Effect of large effective area fiber length on the performance of forward-backward scattering combination multiwavelength Brillouin-Raman fiber laser

Abstract

In this paper we experimentally demonstrate the effect of large effective area fiber length on the performance of a multiwavelength Brillouin–Raman fiber laser in which the forward and backward generated Stokes lines due to Brillouin scattering are combined together through a 3 dB coupler. Thus, the demonstrated laser is dubbed a forward–backward scattering combination multiwavelength Brillouin–Raman fiber laser (FBSC-MBRFL).

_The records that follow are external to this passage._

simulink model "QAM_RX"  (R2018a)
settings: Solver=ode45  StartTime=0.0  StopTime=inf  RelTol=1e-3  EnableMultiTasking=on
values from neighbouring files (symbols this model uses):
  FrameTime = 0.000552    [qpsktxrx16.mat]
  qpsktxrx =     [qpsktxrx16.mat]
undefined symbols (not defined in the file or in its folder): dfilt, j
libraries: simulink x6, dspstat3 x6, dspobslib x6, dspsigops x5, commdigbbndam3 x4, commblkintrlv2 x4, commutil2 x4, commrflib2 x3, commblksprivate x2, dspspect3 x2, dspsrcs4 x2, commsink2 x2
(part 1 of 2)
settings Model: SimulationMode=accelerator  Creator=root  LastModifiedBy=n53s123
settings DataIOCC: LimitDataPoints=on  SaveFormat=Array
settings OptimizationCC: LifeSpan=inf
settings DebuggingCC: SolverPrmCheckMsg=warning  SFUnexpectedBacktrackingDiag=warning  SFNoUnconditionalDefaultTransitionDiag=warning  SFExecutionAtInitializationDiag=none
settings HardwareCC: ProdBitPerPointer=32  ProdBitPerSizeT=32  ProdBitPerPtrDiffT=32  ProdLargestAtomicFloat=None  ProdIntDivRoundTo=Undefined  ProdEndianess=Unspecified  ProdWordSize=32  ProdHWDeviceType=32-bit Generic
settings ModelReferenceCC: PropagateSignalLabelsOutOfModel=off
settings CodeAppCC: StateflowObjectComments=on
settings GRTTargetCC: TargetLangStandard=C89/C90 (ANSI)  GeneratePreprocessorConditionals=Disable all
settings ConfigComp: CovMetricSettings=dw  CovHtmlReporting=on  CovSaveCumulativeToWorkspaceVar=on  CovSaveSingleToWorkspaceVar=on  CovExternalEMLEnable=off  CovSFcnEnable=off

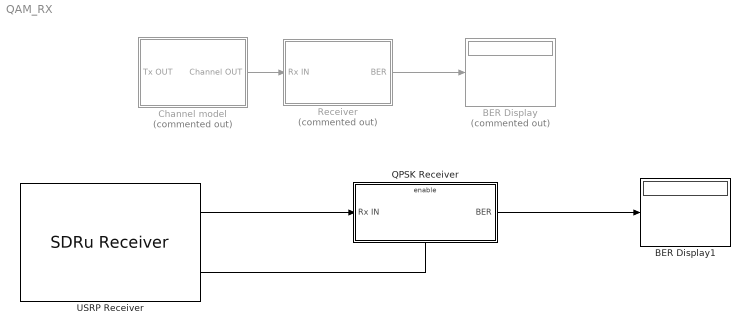
== system QAM_RX ==
  BER Display : Display  Commented=on
  BER Display1 : Display
  Channel model : Subsystem  Commented=on
  QPSK Receiver : Subsystem
      mask Display: disp('QAM Receiver')
  Receiver : Subsystem  Commented=on
      mask Display: disp('Receiver')
  USRP Receiver : commsdrhw_v2/SDRu Receiver  SourceLibraryInfo="This block requires <a href=\"http://www.mathworks.com/hardware-support/usrp.html\">Communications System Toolbox Support Package for USRP Radio</a>"  rxtx=rx  initializeIPAddress=0  devMap=0  USRP2_IP=192.168.10.2  USRP_IP_X300=192.168.10.2  USRP_IP_X310=192.168.10.2  USRP_serialNumB200=30B2ACA  USRP_serialNumB210=ECR04ZDBT  platform=N200/N210/USRP2  prevPlatform=N200/N210/USRP2  lastIPAddressPopup=192.168.10.2  USRP_ID=192.168.10.2  LastIPAddress=192.168.10.2  ChannelMapping=1  centerFrequencySrc=Dialog  centerFrequency=2.5e6  loOffsetSrc=Dialog  loOffset=0  gainSrc=Dialog  gain=0  PPSSource=Internal  clockSource=Internal  masterClkRateParam=100e6  masterClkRateB200=sdrqpskrx.MasterClockRate  masterClkRateB210=sdrqpskrx.MasterClockRate  masterClkRateX300=200e6  masterClkRateX310=200e6  masterClkRate=100e6  decimInterpSrc=Dialog  decimInterp=512  USRP2_IP_NUM=[49 57 50 46 49 54 56 46 49 48 46 50]  TransportDataType=int16  overrunUnderrunPort=off  sampleTime=1/qpsktxrx.DataLength*FrameTime  outputDatatype=double  frameLength=276  HOST_DATA_PORT=0  HOST_CONTROL_PORT=0  USRP2_DATA_PORT=0  USRP2_CONTROL_PORT=0  bufferMode=Continuous streaming  EnableBurstMode=off  NumFramesInBurst=100
      settings: SourceProductName=Communications System Toolbox Support Package for USRP(R) Radio  SourceProductBaseCode=USRP
  wires:
  Receiver/1(BER) -> BER Display/1
  USRP Receiver/1 -> QPSK Receiver/1(Rx IN)
  USRP Receiver/2 -> QPSK Receiver/Enable
  QPSK Receiver/1(BER) -> BER Display1/1
  Channel model/1(Channel OUT) -> Receiver/1(Rx IN)

== system QAM_RX/Channel model ==
  Tx OUT : Inport
  AWGN Channel : commchan3/AWGN Channel  InputProcessing=Columns as channels (frame based)  seed=67  noiseMode="Signal to noise ratio  (Eb/No)"  EbNodB=15  EsNodB=15  SNRdB=15  bitsPerSym=4  Ps=3/qpsktxrx.Upsampling  Tsym=qpsktxrx.Upsampling*qpsktxrx.Ts  variance=1
  Delay Generator : Subsystem
      mask Display: disp('Delay Generator')
  Delay Select : Constant  Value=2
  MATLAB Function : MATLAB Function  TreatAsAtomicUnit=on
  Phase/ Frequency Offset : commrflib2/Phase// Frequency Offset  phaseOffset=10  freqPort=off  freqOffset=1000
      settings: SourceProductName=Communications System Toolbox
  Variable Fractional Delay : dspsigops/Variable Fractional Delay  mode=OBSOLETE  modeActive=Linear  dmax=qpsktxrx.FrameSize*qpsktxrx.Upsampling  InputProcessing=Columns as channels (frame based)  L=4  FarrowL=4  R=10  alpha=1  ic=0  fallbackFIR=Clip to the minimum value necessary for centered kernel  fallbackFarrow=Clip to the minimum value necessary for centered kernel  noDFT=off  roundingMode=Zero  overflowMode=off
      settings: SourceProductName=DSP System Toolbox  SourceProductBaseCode=DS
  Channel OUT : Outport
  wires:
  Delay Select/1 -> Delay Generator/1(Delay Select)
  MATLAB Function/1(y) -> AWGN Channel/1
  Tx OUT/1 -> Phase/ Frequency Offset/1
  AWGN Channel/1 -> Channel OUT/1
  Phase/ Frequency Offset/1 -> Variable Fractional Delay/1
  Variable Fractional Delay/1 -> MATLAB Function/1(u)
  Delay Generator/1(Delay) -> Variable Fractional Delay/2

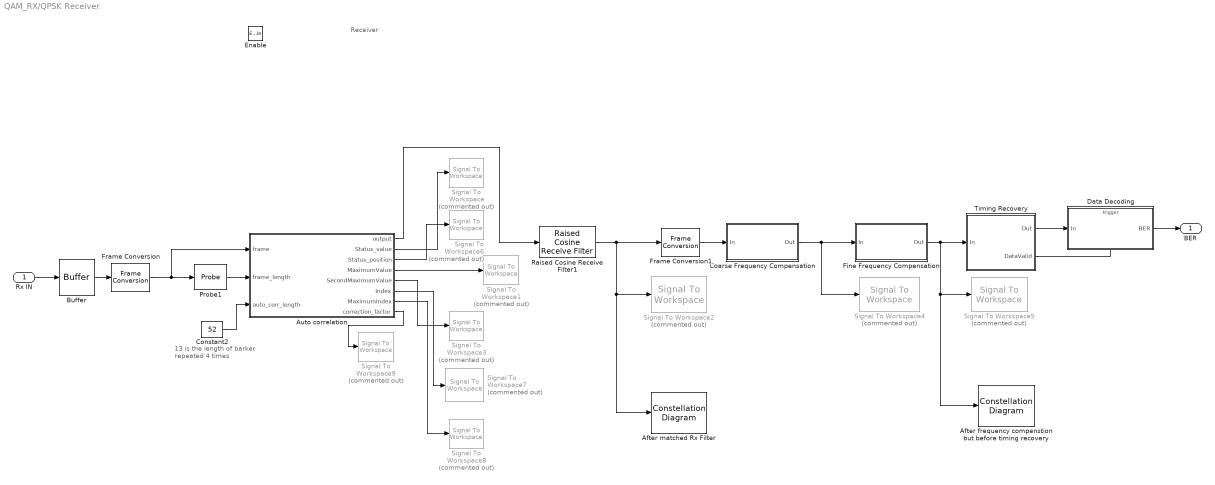
== system QAM_RX/QPSK Receiver ==
  note: Receiver
  note: 13 is the length of barker
      | repeated 4 times
  Rx IN : Inport
  Enable : EnablePort  PropagateVarSize=During execution
  After frequency compenstion but before timing recovery : ConstellationDiagram  Tag=ScatterPlot
  After matched Rx Filter : ConstellationDiagram  Tag=ScatterPlot
  Auto correlation : MATLAB Function  TreatAsAtomicUnit=on
  Buffer : Buffer  N=qpsktxrx.FrameSize*qpsktxrx.Upsampling*qpsktxrx.RxBufferedFrames
  Coarse Frequency Compensation : Subsystem
      mask Display: disp('Coarse Frequency\nCompensation');
  Constant2 : Constant  Value=52  VectorParams1D=off  OutDataTypeStr=Inherit: Inherit via back propagation  FramePeriod=2
  Data Decoding : Subsystem
      mask Display: disp('Data Decoding');
  Fine Frequency Compensation : Subsystem
      mask Display: disp('Fine Frequency\nCompensation')
  Frame Conversion : FrameConversion  OutFrame=Sample-based
  Frame Conversion1 : FrameConversion  OutFrame=Sample-based
  Probe1 : Probe  ProbeSampleTime=off  ProbeComplexSignal=off
  Raised Cosine Receive Filter1 : commfilt2/Raised Cosine Receive Filter  filtType=Square root  R=0.5  filtSpan=qpsktxrx.RaisedCosineFilterSpan  N=qpsktxrx.Upsampling  downFactor=qpsktxrx.Downsampling  downOffset=0  filterGain=1  InputProcessing=Columns as channels (frame based)  RateOptions=Enforce single-rate processing  framing=Mute  checkCoeff=off  variableName=rcRxFilt1  currentFiltSpan=qpsktxrx.RaisedCosineFilterSpan  D=(qpsktxrx.RaisedCosineFilterSpan)/2  inputOffset=0  sampMode=Mute  saveAsFlag=0  rateMode=Downsampling  checkGain=Normalized  launchFVT=off  roundingMode=Floor  overflowMode=off  coeffDataTypeStr=Inherit: Same word length as input  coeffMin=[]  coeffMax=[]  coeffLastDataTypeStr=Inherit: Same word length as input  accumDataTypeStr=Inherit: Same as product output  accumLastDataTypeStr=Inherit: Same as product output  outputDataTypeStr=Inherit: Same as accumulator  outputMin=[]  outputMax=[]  outputLastDataTypeStr=Inherit: Same as accumulator
  Signal To Workspace : SignalToWorkspace  Commented=on  VariableName=Status_value1
      settings: CopyFcn=dspblkcopystw(gcbh);
  Signal To Workspace1 : SignalToWorkspace  Commented=on  VariableName=MaxValue1
      settings: CopyFcn=dspblkcopystw(gcbh);
  Signal To Workspace2 : SignalToWorkspace  Commented=on  VariableName=data_Read
      settings: CopyFcn=dspblkcopystw(gcbh);
  Signal To Workspace3 : SignalToWorkspace  Commented=on  VariableName=SecondMaxValue1
      settings: CopyFcn=dspblkcopystw(gcbh);
  Signal To Workspace4 : SignalToWorkspace  Commented=on  VariableName=data_Read1
      settings: CopyFcn=dspblkcopystw(gcbh);
  Signal To Workspace5 : SignalToWorkspace  Commented=on  VariableName=data_Read5
      settings: CopyFcn=dspblkcopystw(gcbh);
  Signal To Workspace6 : SignalToWorkspace  Commented=on  VariableName=Status_position1
      settings: CopyFcn=dspblkcopystw(gcbh);
  Signal To Workspace7 : SignalToWorkspace  Commented=on  VariableName=SecondMaxIndex1
      settings: CopyFcn=dspblkcopystw(gcbh);
  Signal To Workspace8 : SignalToWorkspace  Commented=on  VariableName=MaxIndex1
      settings: CopyFcn=dspblkcopystw(gcbh);
  Signal To Workspace9 : SignalToWorkspace  Commented=on  VariableName=correection1
      settings: CopyFcn=dspblkcopystw(gcbh);
  Timing Recovery : Subsystem
      mask Display:
      | disp('Timing\nRecovery');
      | port_label('output',1,'DataOut');
      | port_label('output',2,'DataValid');
  BER : Outport
  wires:
  Auto correlation/5(SecondMaximumValue) -> Signal To Workspace3/1
  Probe1/1 -> Auto correlation/2(frame_length)
  Auto correlation/8(correction_factor) -> Signal To Workspace9/1
  Auto correlation/1(output) -> Raised Cosine Receive Filter1/1
  Frame Conversion1/1 -> Coarse Frequency Compensation/1(In)
  Fine Frequency Compensation/1(Out) -> After frequency compenstion but before timing recovery/1, Signal To Workspace5/1, Timing Recovery/1(In)
  Auto correlation/6(Index) -> Signal To Workspace7/1
  Frame Conversion/1 -> Auto correlation/1(frame), Probe1/1
  Auto correlation/7(MaximumIndex) -> Signal To Workspace8/1
  Constant2/1 -> Auto correlation/3(auto_corr_length)
  Auto correlation/4(MaximumValue) -> Signal To Workspace1/1
  Auto correlation/2(Status_value) -> Signal To Workspace/1
  Data Decoding/1(BER) -> BER/1
  Timing Recovery/2(DataValid) -> Data Decoding/Trigger
  Coarse Frequency Compensation/1(Out) -> Signal To Workspace4/1, Fine Frequency Compensation/1(In)
  Raised Cosine Receive Filter1/1 -> After matched Rx Filter/1, Signal To Workspace2/1, Frame Conversion1/1
  Buffer/1 -> Frame Conversion/1
  Timing Recovery/1(Out) -> Data Decoding/1(In)
  Rx IN/1 -> Buffer/1
  Auto correlation/3(Status_position) -> Signal To Workspace6/1

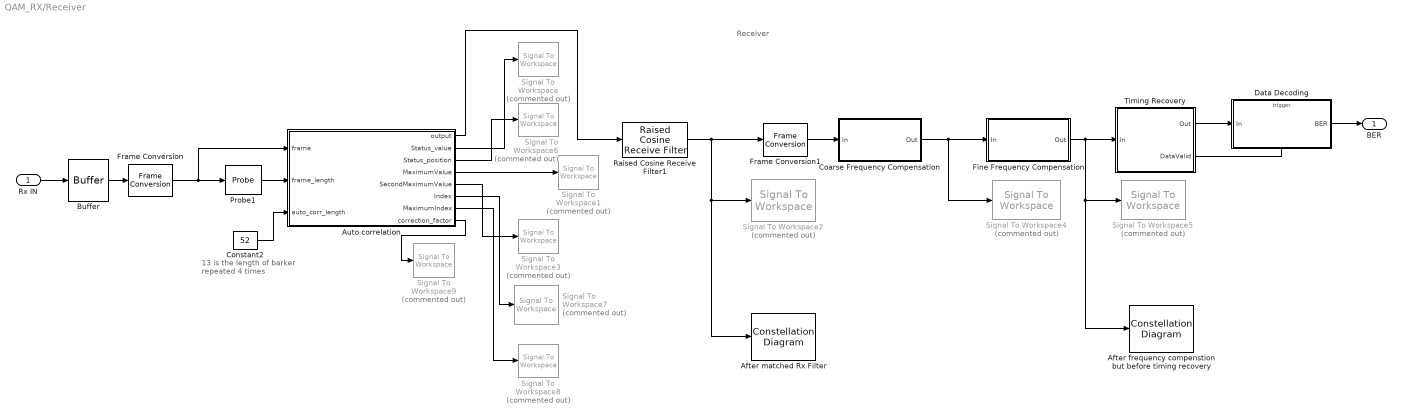
== system QAM_RX/Receiver ==
  note: 13 is the length of barker
      | repeated 4 times
  note: Receiver
  Rx IN : Inport
  After frequency compenstion but before timing recovery : ConstellationDiagram  Tag=ScatterPlot
  After matched Rx Filter : ConstellationDiagram  Tag=ScatterPlot
  Auto correlation : MATLAB Function  TreatAsAtomicUnit=on
  Buffer : Buffer  N=qpsktxrx.FrameSize*qpsktxrx.Upsampling*qpsktxrx.RxBufferedFrames
  Coarse Frequency Compensation : Subsystem
      mask Display: disp('Coarse Frequency\nCompensation');
  Constant2 : Constant  Value=52  VectorParams1D=off  OutDataTypeStr=Inherit: Inherit via back propagation  FramePeriod=2
  Data Decoding : Subsystem
      mask Display: disp('Data Decoding');
  Fine Frequency Compensation : Subsystem
      mask Display: disp('Fine Frequency\nCompensation')
  Frame Conversion : FrameConversion  OutFrame=Sample-based
  Frame Conversion1 : FrameConversion  OutFrame=Sample-based
  Probe1 : Probe  ProbeSampleTime=off  ProbeComplexSignal=off
  Raised Cosine Receive Filter1 : commfilt2/Raised Cosine Receive Filter  filtType=Square root  R=0.5  filtSpan=qpsktxrx.RaisedCosineFilterSpan  N=qpsktxrx.Upsampling  downFactor=qpsktxrx.Downsampling  downOffset=0  filterGain=1  InputProcessing=Columns as channels (frame based)  RateOptions=Enforce single-rate processing  framing=Mute  checkCoeff=off  variableName=rcRxFilt1  currentFiltSpan=qpsktxrx.RaisedCosineFilterSpan  D=(qpsktxrx.RaisedCosineFilterSpan)/2  inputOffset=0  sampMode=Mute  saveAsFlag=0  rateMode=Downsampling  checkGain=Normalized  launchFVT=off  roundingMode=Floor  overflowMode=off  coeffDataTypeStr=Inherit: Same word length as input  coeffMin=[]  coeffMax=[]  coeffLastDataTypeStr=Inherit: Same word length as input  accumDataTypeStr=Inherit: Same as product output  accumLastDataTypeStr=Inherit: Same as product output  outputDataTypeStr=Inherit: Same as accumulator  outputMin=[]  outputMax=[]  outputLastDataTypeStr=Inherit: Same as accumulator
  Signal To Workspace : SignalToWorkspace  Commented=on  VariableName=Status_value
      settings: CopyFcn=dspblkcopystw(gcbh);
  Signal To Workspace1 : SignalToWorkspace  Commented=on  VariableName=MaxValue
      settings: CopyFcn=dspblkcopystw(gcbh);
  Signal To Workspace2 : SignalToWorkspace  Commented=on  VariableName=data_Read2
      settings: CopyFcn=dspblkcopystw(gcbh);
  Signal To Workspace3 : SignalToWorkspace  Commented=on  VariableName=SecondMaxValue
      settings: CopyFcn=dspblkcopystw(gcbh);
  Signal To Workspace4 : SignalToWorkspace  Commented=on  VariableName=data_Read3
      settings: CopyFcn=dspblkcopystw(gcbh);
  Signal To Workspace5 : SignalToWorkspace  Commented=on  VariableName=data_Read4
      settings: CopyFcn=dspblkcopystw(gcbh);
  Signal To Workspace6 : SignalToWorkspace  Commented=on  VariableName=Status_position
      settings: CopyFcn=dspblkcopystw(gcbh);
  Signal To Workspace7 : SignalToWorkspace  Commented=on  VariableName=SecondMaxIndex
      settings: CopyFcn=dspblkcopystw(gcbh);
  Signal To Workspace8 : SignalToWorkspace  Commented=on  VariableName=MaxIndex
      settings: CopyFcn=dspblkcopystw(gcbh);
  Signal To Workspace9 : SignalToWorkspace  Commented=on  VariableName=correection
      settings: CopyFcn=dspblkcopystw(gcbh);
  Timing Recovery : Subsystem
      mask Display:
      | disp('Timing\nRecovery');
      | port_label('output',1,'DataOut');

This laser system utilizes a large effective area fiber and a dispersion compensating fiber that act as Brillouin and Raman gain media, respectively. It is demonstrated that by employing forward pumping schemes, the demonstrated laser system is capable of generating a good flat amplitude Brillouin Stokes line with an average optical to noise ratio of 17 dB along the spectral spans. However, the backward pumping scheme is able to produced high bandwidth spans. At the optimal large effective area fiber length of 50 km, a Raman pump power of 1100 mW at Brillouin pump wavelengths of 1550 mm and 1560 nm is identified to produce the maximum bandwidth with values of approximately 28.45 nm and 24.08 nm, respectively.